* Work item
Reproduce exactly the lines from the top of the records below through the line holding "Constant1 : Constant".

=======

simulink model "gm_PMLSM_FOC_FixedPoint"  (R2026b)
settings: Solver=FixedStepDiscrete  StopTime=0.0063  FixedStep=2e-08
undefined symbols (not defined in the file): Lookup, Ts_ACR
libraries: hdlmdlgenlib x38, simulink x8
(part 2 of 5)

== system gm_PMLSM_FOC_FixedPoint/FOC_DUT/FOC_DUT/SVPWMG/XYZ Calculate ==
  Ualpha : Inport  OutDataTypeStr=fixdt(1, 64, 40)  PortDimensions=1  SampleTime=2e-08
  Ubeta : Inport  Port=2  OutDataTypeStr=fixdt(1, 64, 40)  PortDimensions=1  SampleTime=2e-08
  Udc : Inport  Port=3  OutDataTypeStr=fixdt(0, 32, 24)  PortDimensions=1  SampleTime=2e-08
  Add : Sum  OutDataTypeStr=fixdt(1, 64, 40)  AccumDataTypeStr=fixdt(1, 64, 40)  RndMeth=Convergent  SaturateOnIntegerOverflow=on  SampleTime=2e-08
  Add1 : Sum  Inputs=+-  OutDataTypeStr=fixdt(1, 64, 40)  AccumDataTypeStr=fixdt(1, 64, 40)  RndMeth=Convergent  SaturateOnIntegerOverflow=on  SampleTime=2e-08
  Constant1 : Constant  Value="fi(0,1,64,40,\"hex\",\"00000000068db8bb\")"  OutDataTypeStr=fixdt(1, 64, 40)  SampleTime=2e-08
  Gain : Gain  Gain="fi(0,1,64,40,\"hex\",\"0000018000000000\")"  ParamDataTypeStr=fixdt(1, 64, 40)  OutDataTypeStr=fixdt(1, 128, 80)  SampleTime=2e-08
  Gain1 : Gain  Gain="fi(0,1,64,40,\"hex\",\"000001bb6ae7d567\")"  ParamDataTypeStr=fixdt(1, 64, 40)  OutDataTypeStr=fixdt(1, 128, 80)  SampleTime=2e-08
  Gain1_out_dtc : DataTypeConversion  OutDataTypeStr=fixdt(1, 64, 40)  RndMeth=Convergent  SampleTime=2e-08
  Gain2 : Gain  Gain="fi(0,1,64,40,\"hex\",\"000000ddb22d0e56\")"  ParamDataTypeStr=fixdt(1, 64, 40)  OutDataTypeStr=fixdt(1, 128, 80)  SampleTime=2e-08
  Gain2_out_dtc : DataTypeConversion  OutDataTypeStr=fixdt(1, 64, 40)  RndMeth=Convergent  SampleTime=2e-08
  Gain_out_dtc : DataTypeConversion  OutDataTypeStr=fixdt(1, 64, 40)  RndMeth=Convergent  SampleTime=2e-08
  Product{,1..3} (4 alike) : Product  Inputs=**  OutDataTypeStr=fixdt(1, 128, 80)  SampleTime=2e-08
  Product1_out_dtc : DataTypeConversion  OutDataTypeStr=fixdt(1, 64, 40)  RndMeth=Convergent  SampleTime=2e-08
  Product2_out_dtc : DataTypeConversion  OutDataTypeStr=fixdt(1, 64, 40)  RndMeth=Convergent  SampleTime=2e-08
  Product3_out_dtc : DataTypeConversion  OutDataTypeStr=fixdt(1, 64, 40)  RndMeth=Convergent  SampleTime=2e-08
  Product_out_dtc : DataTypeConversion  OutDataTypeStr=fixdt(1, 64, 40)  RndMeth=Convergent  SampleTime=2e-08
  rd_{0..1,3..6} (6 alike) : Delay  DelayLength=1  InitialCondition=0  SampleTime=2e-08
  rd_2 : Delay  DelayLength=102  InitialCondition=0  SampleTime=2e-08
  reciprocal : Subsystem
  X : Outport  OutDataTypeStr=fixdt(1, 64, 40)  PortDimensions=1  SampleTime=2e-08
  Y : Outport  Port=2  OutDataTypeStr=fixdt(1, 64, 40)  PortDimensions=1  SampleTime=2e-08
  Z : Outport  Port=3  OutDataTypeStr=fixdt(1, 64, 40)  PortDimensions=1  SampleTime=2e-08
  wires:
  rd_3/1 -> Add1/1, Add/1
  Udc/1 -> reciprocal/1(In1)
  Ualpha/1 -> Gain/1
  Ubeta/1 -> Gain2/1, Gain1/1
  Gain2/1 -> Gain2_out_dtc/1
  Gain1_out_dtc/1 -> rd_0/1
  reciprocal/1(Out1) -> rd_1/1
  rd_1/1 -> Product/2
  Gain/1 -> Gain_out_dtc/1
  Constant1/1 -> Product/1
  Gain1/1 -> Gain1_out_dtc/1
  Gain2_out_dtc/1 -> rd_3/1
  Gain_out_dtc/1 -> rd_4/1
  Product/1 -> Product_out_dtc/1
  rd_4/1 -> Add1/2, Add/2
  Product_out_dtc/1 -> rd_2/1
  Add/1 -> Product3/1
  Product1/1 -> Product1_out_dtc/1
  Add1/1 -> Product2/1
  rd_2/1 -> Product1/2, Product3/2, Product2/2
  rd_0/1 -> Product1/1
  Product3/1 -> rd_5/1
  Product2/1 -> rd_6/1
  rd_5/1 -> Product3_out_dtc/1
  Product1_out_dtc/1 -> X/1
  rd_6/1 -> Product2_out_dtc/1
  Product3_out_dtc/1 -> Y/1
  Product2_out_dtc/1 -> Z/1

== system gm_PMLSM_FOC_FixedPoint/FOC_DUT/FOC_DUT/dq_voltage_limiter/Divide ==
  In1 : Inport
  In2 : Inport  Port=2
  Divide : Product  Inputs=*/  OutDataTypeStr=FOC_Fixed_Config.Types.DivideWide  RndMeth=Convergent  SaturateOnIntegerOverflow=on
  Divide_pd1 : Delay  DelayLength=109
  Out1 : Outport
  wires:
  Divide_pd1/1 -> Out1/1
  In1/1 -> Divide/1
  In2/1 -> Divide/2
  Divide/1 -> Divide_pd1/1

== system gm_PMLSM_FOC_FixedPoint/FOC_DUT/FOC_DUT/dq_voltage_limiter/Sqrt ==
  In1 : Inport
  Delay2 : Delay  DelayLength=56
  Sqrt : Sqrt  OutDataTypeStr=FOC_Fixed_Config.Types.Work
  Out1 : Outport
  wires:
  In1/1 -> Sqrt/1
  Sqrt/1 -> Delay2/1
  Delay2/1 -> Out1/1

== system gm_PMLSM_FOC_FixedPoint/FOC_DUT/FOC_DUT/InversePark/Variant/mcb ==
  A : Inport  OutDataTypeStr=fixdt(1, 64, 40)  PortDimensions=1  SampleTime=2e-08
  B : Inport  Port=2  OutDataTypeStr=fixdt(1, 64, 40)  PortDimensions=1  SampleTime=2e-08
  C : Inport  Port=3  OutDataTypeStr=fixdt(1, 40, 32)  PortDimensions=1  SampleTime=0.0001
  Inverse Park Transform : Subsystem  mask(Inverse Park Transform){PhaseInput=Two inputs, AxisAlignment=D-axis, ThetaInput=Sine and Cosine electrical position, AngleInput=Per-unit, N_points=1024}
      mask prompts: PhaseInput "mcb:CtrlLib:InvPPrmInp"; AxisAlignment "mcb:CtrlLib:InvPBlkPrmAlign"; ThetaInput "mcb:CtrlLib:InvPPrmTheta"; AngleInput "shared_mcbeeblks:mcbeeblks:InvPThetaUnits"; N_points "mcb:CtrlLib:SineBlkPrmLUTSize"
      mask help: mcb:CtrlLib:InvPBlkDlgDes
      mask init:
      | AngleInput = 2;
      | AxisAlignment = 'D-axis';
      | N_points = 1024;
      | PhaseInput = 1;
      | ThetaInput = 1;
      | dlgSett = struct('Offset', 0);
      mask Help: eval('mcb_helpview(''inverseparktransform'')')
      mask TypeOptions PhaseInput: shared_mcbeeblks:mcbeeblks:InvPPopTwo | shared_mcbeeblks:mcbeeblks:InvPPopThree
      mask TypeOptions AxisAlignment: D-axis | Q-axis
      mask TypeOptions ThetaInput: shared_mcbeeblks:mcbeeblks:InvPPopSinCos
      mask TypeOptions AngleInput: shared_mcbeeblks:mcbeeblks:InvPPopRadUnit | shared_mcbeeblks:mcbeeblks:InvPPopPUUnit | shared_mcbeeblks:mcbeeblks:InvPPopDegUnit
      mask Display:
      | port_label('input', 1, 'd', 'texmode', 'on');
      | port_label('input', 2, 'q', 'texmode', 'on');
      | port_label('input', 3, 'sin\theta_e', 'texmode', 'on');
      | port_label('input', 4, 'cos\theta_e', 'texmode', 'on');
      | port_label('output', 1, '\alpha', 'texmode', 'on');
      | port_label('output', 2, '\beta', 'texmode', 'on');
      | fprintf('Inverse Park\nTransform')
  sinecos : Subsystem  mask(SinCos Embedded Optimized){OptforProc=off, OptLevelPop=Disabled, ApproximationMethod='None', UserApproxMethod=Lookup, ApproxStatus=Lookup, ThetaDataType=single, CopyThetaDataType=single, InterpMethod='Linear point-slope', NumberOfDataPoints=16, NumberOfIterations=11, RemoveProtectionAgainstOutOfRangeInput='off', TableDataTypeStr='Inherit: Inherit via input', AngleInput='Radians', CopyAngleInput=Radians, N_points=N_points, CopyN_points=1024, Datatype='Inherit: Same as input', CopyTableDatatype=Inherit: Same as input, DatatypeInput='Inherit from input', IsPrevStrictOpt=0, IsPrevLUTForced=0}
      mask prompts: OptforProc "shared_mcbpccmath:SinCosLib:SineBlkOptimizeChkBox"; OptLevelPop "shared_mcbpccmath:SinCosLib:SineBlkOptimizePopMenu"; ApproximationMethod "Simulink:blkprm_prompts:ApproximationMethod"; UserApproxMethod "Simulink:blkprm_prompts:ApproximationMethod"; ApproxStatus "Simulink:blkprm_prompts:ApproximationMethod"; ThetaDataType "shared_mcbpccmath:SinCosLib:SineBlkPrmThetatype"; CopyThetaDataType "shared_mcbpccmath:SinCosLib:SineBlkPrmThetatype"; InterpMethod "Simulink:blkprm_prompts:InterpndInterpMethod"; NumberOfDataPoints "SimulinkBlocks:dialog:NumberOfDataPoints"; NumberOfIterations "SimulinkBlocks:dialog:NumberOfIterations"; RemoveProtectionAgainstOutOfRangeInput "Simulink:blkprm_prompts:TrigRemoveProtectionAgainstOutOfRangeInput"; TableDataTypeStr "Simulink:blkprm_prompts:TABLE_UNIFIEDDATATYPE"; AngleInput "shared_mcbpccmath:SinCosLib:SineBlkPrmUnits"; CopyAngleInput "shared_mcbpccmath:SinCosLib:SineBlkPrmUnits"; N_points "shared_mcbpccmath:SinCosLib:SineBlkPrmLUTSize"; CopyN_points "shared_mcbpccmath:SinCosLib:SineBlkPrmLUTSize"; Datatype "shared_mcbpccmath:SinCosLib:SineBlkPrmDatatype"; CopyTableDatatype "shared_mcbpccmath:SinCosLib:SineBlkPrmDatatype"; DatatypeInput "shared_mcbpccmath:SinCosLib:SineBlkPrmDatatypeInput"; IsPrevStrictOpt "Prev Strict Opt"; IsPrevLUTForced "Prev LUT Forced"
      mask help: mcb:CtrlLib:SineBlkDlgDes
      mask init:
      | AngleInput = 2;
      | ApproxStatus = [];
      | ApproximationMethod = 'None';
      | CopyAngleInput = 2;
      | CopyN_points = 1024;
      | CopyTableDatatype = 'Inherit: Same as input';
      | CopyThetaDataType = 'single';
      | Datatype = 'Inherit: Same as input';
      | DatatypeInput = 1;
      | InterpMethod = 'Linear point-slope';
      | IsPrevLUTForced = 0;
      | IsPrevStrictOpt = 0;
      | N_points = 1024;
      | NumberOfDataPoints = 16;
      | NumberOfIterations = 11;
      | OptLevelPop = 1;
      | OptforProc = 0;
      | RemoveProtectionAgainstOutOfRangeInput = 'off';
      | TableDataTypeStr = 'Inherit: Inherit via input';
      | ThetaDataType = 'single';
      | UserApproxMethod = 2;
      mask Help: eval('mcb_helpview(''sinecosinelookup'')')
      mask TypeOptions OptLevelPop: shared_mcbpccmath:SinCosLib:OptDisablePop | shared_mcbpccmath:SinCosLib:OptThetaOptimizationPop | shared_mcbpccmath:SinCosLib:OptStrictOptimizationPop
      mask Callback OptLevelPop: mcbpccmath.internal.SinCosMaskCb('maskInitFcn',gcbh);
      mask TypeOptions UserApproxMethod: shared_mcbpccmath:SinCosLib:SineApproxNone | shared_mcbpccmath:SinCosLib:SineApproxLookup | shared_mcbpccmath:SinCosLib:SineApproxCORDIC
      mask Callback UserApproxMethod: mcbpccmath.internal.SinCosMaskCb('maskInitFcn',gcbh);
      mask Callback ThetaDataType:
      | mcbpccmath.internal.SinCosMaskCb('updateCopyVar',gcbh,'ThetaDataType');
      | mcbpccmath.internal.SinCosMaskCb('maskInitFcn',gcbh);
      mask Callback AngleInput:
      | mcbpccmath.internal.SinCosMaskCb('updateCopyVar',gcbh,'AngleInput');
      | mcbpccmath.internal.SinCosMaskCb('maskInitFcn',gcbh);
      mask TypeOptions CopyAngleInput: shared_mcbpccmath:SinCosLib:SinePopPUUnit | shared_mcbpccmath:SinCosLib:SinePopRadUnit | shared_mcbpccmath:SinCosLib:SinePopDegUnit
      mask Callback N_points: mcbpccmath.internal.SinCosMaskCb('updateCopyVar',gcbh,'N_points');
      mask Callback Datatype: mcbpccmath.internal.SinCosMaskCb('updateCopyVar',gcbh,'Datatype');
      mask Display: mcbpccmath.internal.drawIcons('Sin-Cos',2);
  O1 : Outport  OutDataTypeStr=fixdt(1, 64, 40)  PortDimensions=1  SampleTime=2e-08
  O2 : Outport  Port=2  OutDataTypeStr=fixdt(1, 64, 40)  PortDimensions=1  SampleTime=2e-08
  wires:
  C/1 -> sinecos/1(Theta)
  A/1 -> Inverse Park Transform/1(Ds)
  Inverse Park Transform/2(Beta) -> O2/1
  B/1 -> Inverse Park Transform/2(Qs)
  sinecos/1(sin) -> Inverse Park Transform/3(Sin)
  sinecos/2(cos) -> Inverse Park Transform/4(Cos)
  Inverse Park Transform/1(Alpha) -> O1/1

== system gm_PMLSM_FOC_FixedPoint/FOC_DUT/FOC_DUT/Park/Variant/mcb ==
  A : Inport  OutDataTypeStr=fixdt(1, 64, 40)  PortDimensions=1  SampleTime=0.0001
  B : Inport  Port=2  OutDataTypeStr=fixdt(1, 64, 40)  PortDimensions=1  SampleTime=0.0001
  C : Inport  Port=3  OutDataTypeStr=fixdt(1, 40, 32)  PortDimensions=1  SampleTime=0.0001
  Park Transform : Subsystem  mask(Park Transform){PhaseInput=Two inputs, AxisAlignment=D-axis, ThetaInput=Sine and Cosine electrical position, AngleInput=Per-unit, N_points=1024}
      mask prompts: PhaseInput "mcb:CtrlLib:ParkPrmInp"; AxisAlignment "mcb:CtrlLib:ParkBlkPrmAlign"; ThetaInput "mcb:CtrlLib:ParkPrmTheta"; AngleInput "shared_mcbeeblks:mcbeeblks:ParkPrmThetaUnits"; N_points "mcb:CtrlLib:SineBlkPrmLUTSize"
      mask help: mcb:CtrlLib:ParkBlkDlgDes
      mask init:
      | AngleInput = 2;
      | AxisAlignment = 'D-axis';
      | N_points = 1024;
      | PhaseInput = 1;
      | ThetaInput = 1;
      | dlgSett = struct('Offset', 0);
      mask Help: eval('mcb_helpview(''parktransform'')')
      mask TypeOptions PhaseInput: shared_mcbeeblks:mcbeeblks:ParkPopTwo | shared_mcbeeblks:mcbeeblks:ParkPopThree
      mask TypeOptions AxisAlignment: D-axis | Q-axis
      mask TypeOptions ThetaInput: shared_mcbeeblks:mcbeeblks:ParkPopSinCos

=======

* Response for this exercise
simulink model "gm_PMLSM_FOC_FixedPoint"  (R2026b)
settings: Solver=FixedStepDiscrete  StopTime=0.0063  FixedStep=2e-08
undefined symbols (not defined in the file): Lookup, Ts_ACR
libraries: hdlmdlgenlib x38, simulink x8
(part 2 of 5)

== system gm_PMLSM_FOC_FixedPoint/FOC_DUT/FOC_DUT/SVPWMG/XYZ Calculate ==
  Ualpha : Inport  OutDataTypeStr=fixdt(1, 64, 40)  PortDimensions=1  SampleTime=2e-08
  Ubeta : Inport  Port=2  OutDataTypeStr=fixdt(1, 64, 40)  PortDimensions=1  SampleTime=2e-08
  Udc : Inport  Port=3  OutDataTypeStr=fixdt(0, 32, 24)  PortDimensions=1  SampleTime=2e-08
  Add : Sum  OutDataTypeStr=fixdt(1, 64, 40)  AccumDataTypeStr=fixdt(1, 64, 40)  RndMeth=Convergent  SaturateOnIntegerOverflow=on  SampleTime=2e-08
  Add1 : Sum  Inputs=+-  OutDataTypeStr=fixdt(1, 64, 40)  AccumDataTypeStr=fixdt(1, 64, 40)  RndMeth=Convergent  SaturateOnIntegerOverflow=on  SampleTime=2e-08
  Constant1 : Constant  Value="fi(0,1,64,40,\"hex\",\"00000000068db8bb\")"  OutDataTypeStr=fixdt(1, 64, 40)  SampleTime=2e-08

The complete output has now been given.